My daughter loves lobster, she Tried McD’s
McLobster sandwich(which is available in Atlantic Canada), and said it tastes like azz. I laughed then said “ wait a minute, how do you know what azz taste like!”..


----------



## OpenSights (Mar 23, 2015)

FSUDAL said:


> The toilet on the upper most floor flushes funny. The toilet bowl water level goes up and down a couple of times while it finishes draining the water. It's hard to describe so I posted a video. There is no water leaking around the toilet on the floor or leaking from the ceiling below it. All other toilets and drains seem to be working normal. The house was built about 15 years ago. I can't say how long this has been going on. It may have always been that way. I wanted to see if anyone saw this before and knew what a likely solution would be. I don't want to ignore something that needs attention. I hate dealing with the kind of damage water can bring to a homeowner. Thank you.


That is hilarious! Just as funny as your introduction!









READ BEFORE POSTING: Welcome To PlumbingZone.com


PlumbingZone is a site for Plumbing Professionals Only, who are interested in promoting and improving the Plumbing trade. We want to take a moment to welcome you to the community! We truly do look forward to getting to know you and interacting with you in the forums. :) Please take a moment...




www.plumbingzone.com













PlumbingZone.com Is For Plumbing Professionals Only


PlumbingZone is a site for Plumbing Professionals Only, who are interested in promoting and improving the Plumbing trade. In our community the term "Plumbing Professional" refers to the following persons: Master Plumber, Plumbing Contractor, Journeyman Plumber, Pipe Fitter, Apprentice...




www.plumbingzone.com


----------



## OpenSights (Mar 23, 2015)

Logtec said:


> I like lobster, but only if it fresh.
> My daughter loves lobster, she Tried McD’s
> McLobster sandwich(which is available in Atlantic Canada), and said it tastes like azz. I laughed then said “ wait a minute, how do you know what azz taste like!”..
> View attachment 130737


McDonald’s has a lobster roll?!!! Yeah, I bet it tastes just as described!


----------



## OpenSights (Mar 23, 2015)

This is a lobster roll!


----------



## Logtec (Jun 3, 2018)

OpenSights said:


> This is a lobster roll!
> 
> View attachment 130738


That looks great!

On the other hand McD’s lobster roll prob just taste like “mayonnaise and tasteless chewy rubber matter”.


----------



## OpenSights (Mar 23, 2015)

Logtec said:


> That looks great!
> 
> On the other hand McD’s lobster roll prob just taste like “mayonnaise and tasteless chewy rubber matter”.

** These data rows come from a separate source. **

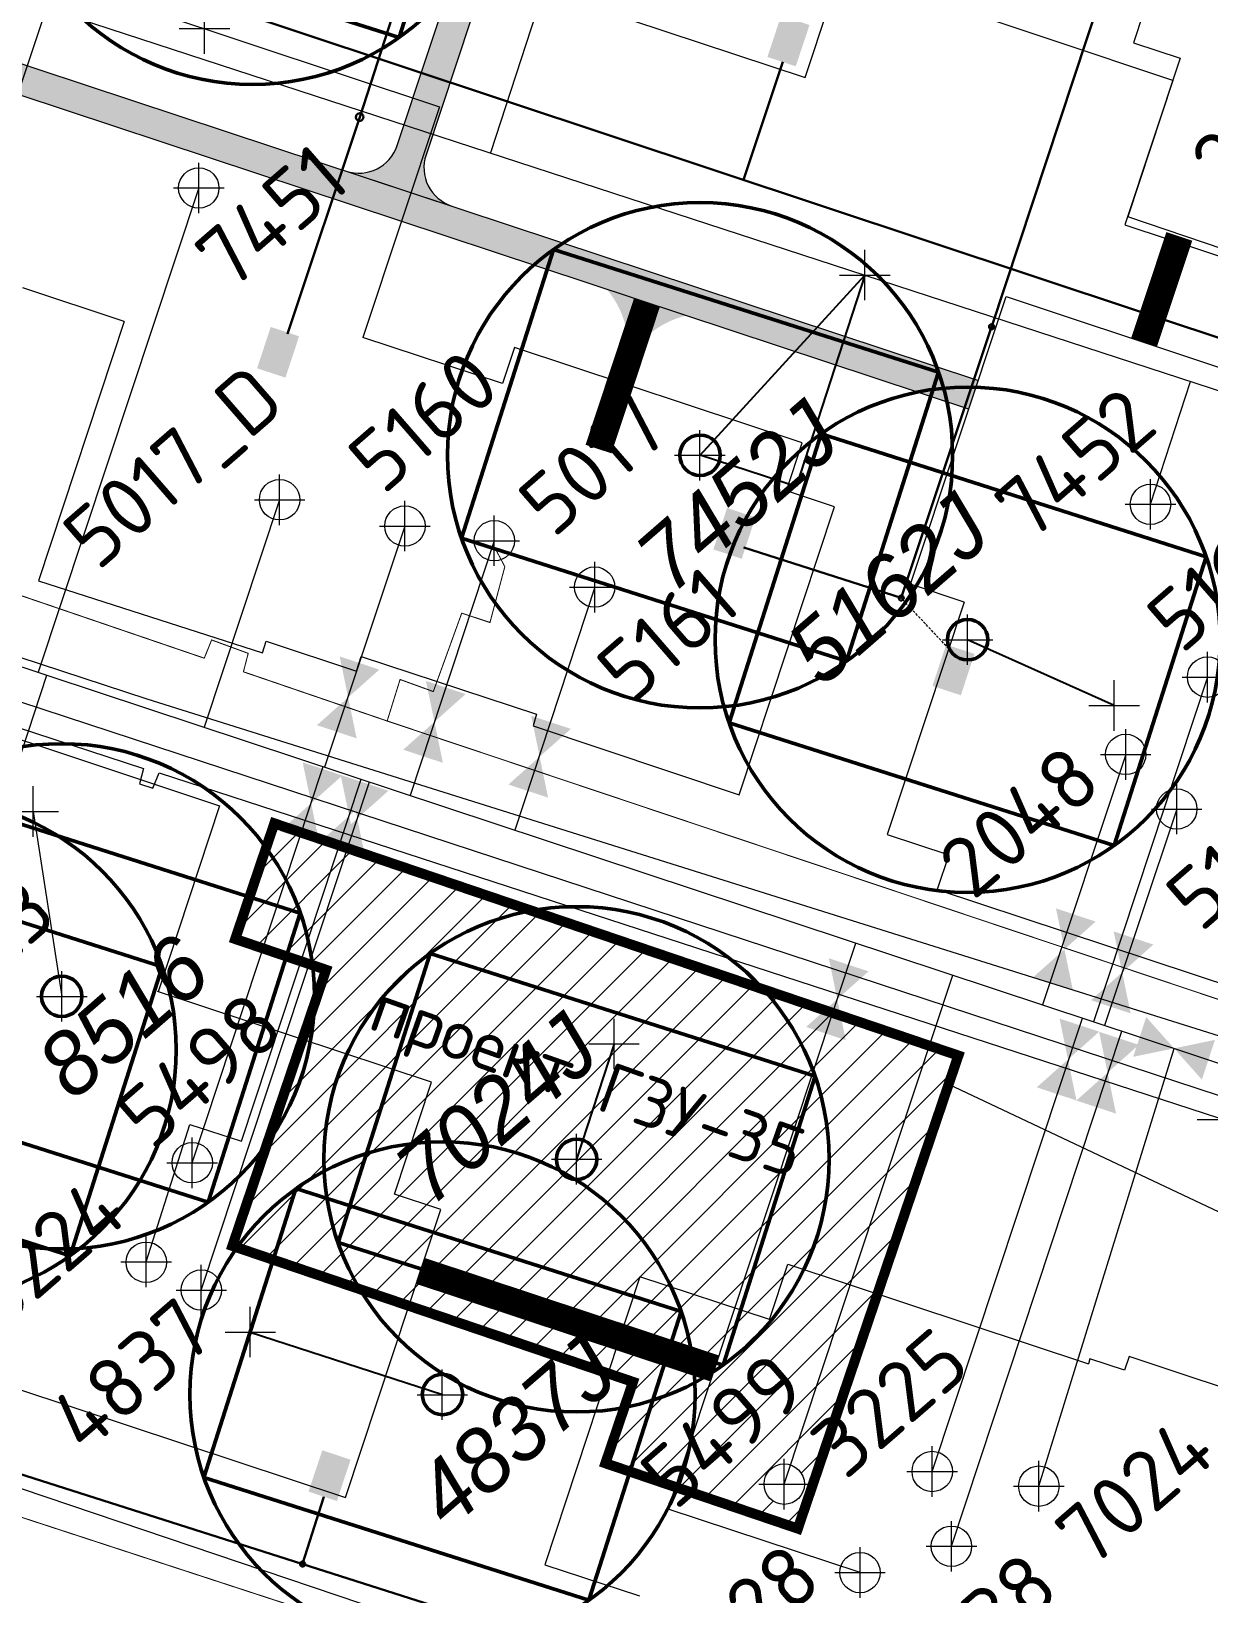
# Model space of a CAD drawing. Header units: millimetres. Extents: x 519 to 9564855, y -810 to 5021775.
# Drawn here: x 9542545.6 to 9542778.7, y 4997632.2 to 4997941.4 of the extents above; entities that cross this region are included whole.
import ezdxf

# ---------------------------------------------------------------- set-up
doc = ezdxf.new("R2010")
doc.units = ezdxf.units.MM
doc.header["$LTSCALE"] = 2
doc.header["$MEASUREMENT"] = 0
doc.header["$PDMODE"] = 2
doc.header["$PDSIZE"] = 5
doc.linetypes.add('92051501$0$DASHED', pattern=[0.75, 0.5, -0.25])
for name, color, linetype in [('164 скв. на 2011 год (измененные)', 121, 'Continuous'), ('42 доп. скв. на 2009 год', 96, 'Continuous'), ('Existing roads', 41, 'Continuous'), ('Future Roads', 44, 'Continuous'), ('Gaz', 4, 'Continuous'), ('new 100 wells', 131, 'Continuous'), ('OilColl&Flowlines', 3, 'Continuous'), ('Stage 12 wells.Text&Frame', 52, 'Continuous'), ('Stage8 wlls text', 7, 'Continuous'), ('vodovod', 5, 'Continuous'), ('Wels of 13phase', 200, 'Continuous'), ('Скважины  2018 года', 7, 'Continuous'), ('Скважины 2019г.', 241, 'Continuous'), ('Скважины на 2014 год', 70, 'Continuous'), ('Скважины на 2015 год', 7, 'Continuous'), ('Скважины на 2020 год', 140, 'Continuous'), ('Скважины на 2025 год _ОСМОТР', 5, 'Continuous')]:
    doc.layers.add(name, color=color, linetype=linetype)
for name, color, linetype, lineweight in [('PPLINE_GAS', 4, 'GAS_LINE', 30), ('Stage 11.Object 2.Frame&Text', 26, 'Continuous', 53), ('WELLS(drilled after 2000y)', 6, 'Continuous', 40), ('неф.коллектор', 94, 'g5_122_n', 30), ('Скважины на 2026', 222, 'Continuous', 50), ('Скважины на 2027 год', 20, 'Continuous', 50), ('Электро', 1, 'Continuous', 30), ('Электроснаб', 1, 'Continuous', 18), ('Электроснабжене', 1, 'Continuous', 18)]:
    doc.layers.add(name, color=color, linetype=linetype, lineweight=lineweight)
doc.styles.add('92051501$0$STANDARD', font='simplex.shx')
doc.styles.add('Elect', font='isocpeur.ttf')
doc.styles.add('GeoApp', font='', dxfattribs={"height": 1})
doc.styles.add('Line_GUGK', font='')
doc.styles.get('GeoApp').set_extended_font_data('D431', italic=True)
doc.styles.get('Line_GUGK').set_extended_font_data('Bm431', italic=True)
doc.linetypes.add('g5_122_n', pattern='A,1,-1,1.5,-0.3,["Н",GeoApp,S=1,R=0,X=0,Y=-0.5],-1.5,1.5,-1,4,-1,4,-1,3', length=20.8)
doc.linetypes.add('GAS_LINE', pattern='A,0.5,-0.2,["G",92051501$0$STANDARD,S=0.1,R=0,X=-0.1,Y=-0.05],-0.05', length=0.75)
doc.linetypes.add('WTR_LINE', pattern='A,0.5,-0.2,["W",92051501$0$STANDARD,S=0.1,R=0,X=-0.1,Y=-0.05],-0.05', length=0.75)

msp = doc.modelspace()

# ---------------------------------------------------------------- hatches: boundary and pattern name
at = {"linetype": 'ByBlock', "lineweight": 0, "ltscale": 50}
h = msp.add_hatch(dxfattribs=at)
h.set_pattern_fill('ANSI31', color=5, scale=40)
h.set_pattern_definition([(45, (0, 0), (-3.535533906, 3.535533906), [])])
h.paths.add_polyline_path([(9542608.2323, 4997779.73984), (9542600.64746, 4997756.81678), (9542603.99611, 4997755.68056), (9542599.31812, 4997741.895), (9542624.8822, 4997733.46642), (9542617.5584, 4997711.25315), (9542626.71798, 4997708.22241), (9542622.70176, 4997696.08448), (9542662.17952, 4997683.00957), (9542666.10522, 4997694.91632), (9542684.90374, 4997688.71837), (9542704.29842, 4997747.14652)])
h.paths.add_polyline_path([(9542624.8822, 4997733.46642), (9542599.31812, 4997741.895), (9542585.45466, 4997701.04079), (9542620.41618, 4997689.17695), (9542626.71798, 4997708.22241), (9542617.5584, 4997711.25315)])
h.paths.add_polyline_path([(9542622.70176, 4997696.08448), (9542620.41618, 4997689.17695), (9542659.80594, 4997675.81044), (9542662.17952, 4997683.00957)])
h.paths.add_polyline_path([(9542680.94565, 4997676.79428), (9542662.17952, 4997683.00957), (9542659.80594, 4997675.81044), (9542664.76282, 4997674.12837), (9542659.3, 4997658.03), (9542673.15541, 4997653.32549)])
h.paths.add_polyline_path([(9542684.90374, 4997688.71837), (9542666.10522, 4997694.91632), (9542662.17952, 4997683.00957), (9542680.94565, 4997676.79428)])
h.paths.add_polyline_path([(9542710.87486, 4997702.76385), (9542707.86288, 4997703.74534), (9542704.80561, 4997694.36323), (9542695.43745, 4997697.46299), (9542691.7925, 4997686.44712), (9542684.90374, 4997688.71837), (9542673.15541, 4997653.32549), (9542697.38789, 4997645.09751), (9542716.3611, 4997700.9761), (9542710.87486, 4997702.76385), (9542695.98688, 4997657.78765, -0.323398329), (9542698.7951, 4997653.9, -1), (9542690.6049, 4997653.9, -0.511260787), (9542695.98688, 4997657.78765)])
h.paths.add_polyline_path([(9542723.41897, 4997740.65931), (9542704.29842, 4997747.14652), (9542684.90374, 4997688.71837), (9542691.7925, 4997686.44712), (9542695.43745, 4997697.46299), (9542704.80561, 4997694.36323), (9542707.86288, 4997703.74534), (9542710.87486, 4997702.76385)])
h.paths.add_polyline_path([(9542729.17246, 4997738.70726), (9542723.41897, 4997740.65931), (9542710.87486, 4997702.76385), (9542716.3611, 4997700.9761)])
h.paths.add_polyline_path([(9542606.62631, 4997780.28472), (9542599.12534, 4997782.82965), (9542591.53777, 4997759.90777), (9542599.04148, 4997757.3617)])
h.paths.add_polyline_path([(9542599.12534, 4997782.82965), (9542593.76, 4997784.65), (9542586.02, 4997761.78), (9542591.53777, 4997759.90777)])
h.paths.add_polyline_path([(9542608.2323, 4997779.73984), (9542606.62631, 4997780.28472), (9542599.04148, 4997757.3617), (9542600.64746, 4997756.81678)])
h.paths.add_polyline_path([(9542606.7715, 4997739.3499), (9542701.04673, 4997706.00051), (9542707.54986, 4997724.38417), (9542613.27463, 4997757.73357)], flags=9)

Fake lobster meat and Mayo. Sounds about right.
Back in CT we use to get jumbo lobsters. The Canadian fisheries would come down and catch the big ones, illegal for US fisheries to harvest, bring them back to Canada and export them to the US. On sale 5+lbs we’re $4.99/lb. That was 12-15 years ago. I have pictures to prove it.


----------



## Logtec (Jun 3, 2018)

OpenSights said:


> Fake lobster meat and Mayo. Sounds about right.
> Back in CT we use to get jumbo lobsters. The Canadian fisheries would come down and catch the big ones, illegal for US fisheries to harvest, bring them back to Canada and export them to the US. On sale 5+lbs we’re $4.99/lb. That was 12-15 years ago. I have pictures to prove it.


Hahaha that’s awesome!


----------



## FSUDAL (Nov 1, 2021)

skoronesa said:


> What do you mean funny? Funny like a clown? Does it amuse you?
> 
> 
> You know what's not funny? Putting those blue chemical blocks(Or any chemicals) in your toilet's tank. They will make the plastic parts brittle, and the metal parts rust, which can lead to the toilet leaking and damaging the house.


Funny peculiar, not funny ha ha. Didn't know about the chemical blocks... Any thoughts on why the funny (peculiar) flush? Thanks!


----------



## KCPlumb (Oct 26, 2021)

It's labored breathing.


----------



## Logtec (Jun 3, 2018)

McDonalds in Japan has a rice burger!!
Well, the bun is rice and prob panko 
bread crumb.. might have a man interesting texture but in the end it’s still McD’s.


----------



## FSUDAL (Nov 1, 2021)

KCPlumb said:


> It's labored breathing.


Thanks for taking time to post. Any thoughts on how to fix it?


----------



## Logtec (Jun 3, 2018)

Oh sorry, wrong threat… 
But Ronald McDonald is funny.


----------



## OpenSights (Mar 23, 2015)

FSUDAL said:


> Thanks for taking time to post. Any thoughts on how to fix it?


Hire a licensed plumber?


----------



## Logtec (Jun 3, 2018)

FSUDAL said:


> Thanks for taking time to post. Any thoughts on how to fix it?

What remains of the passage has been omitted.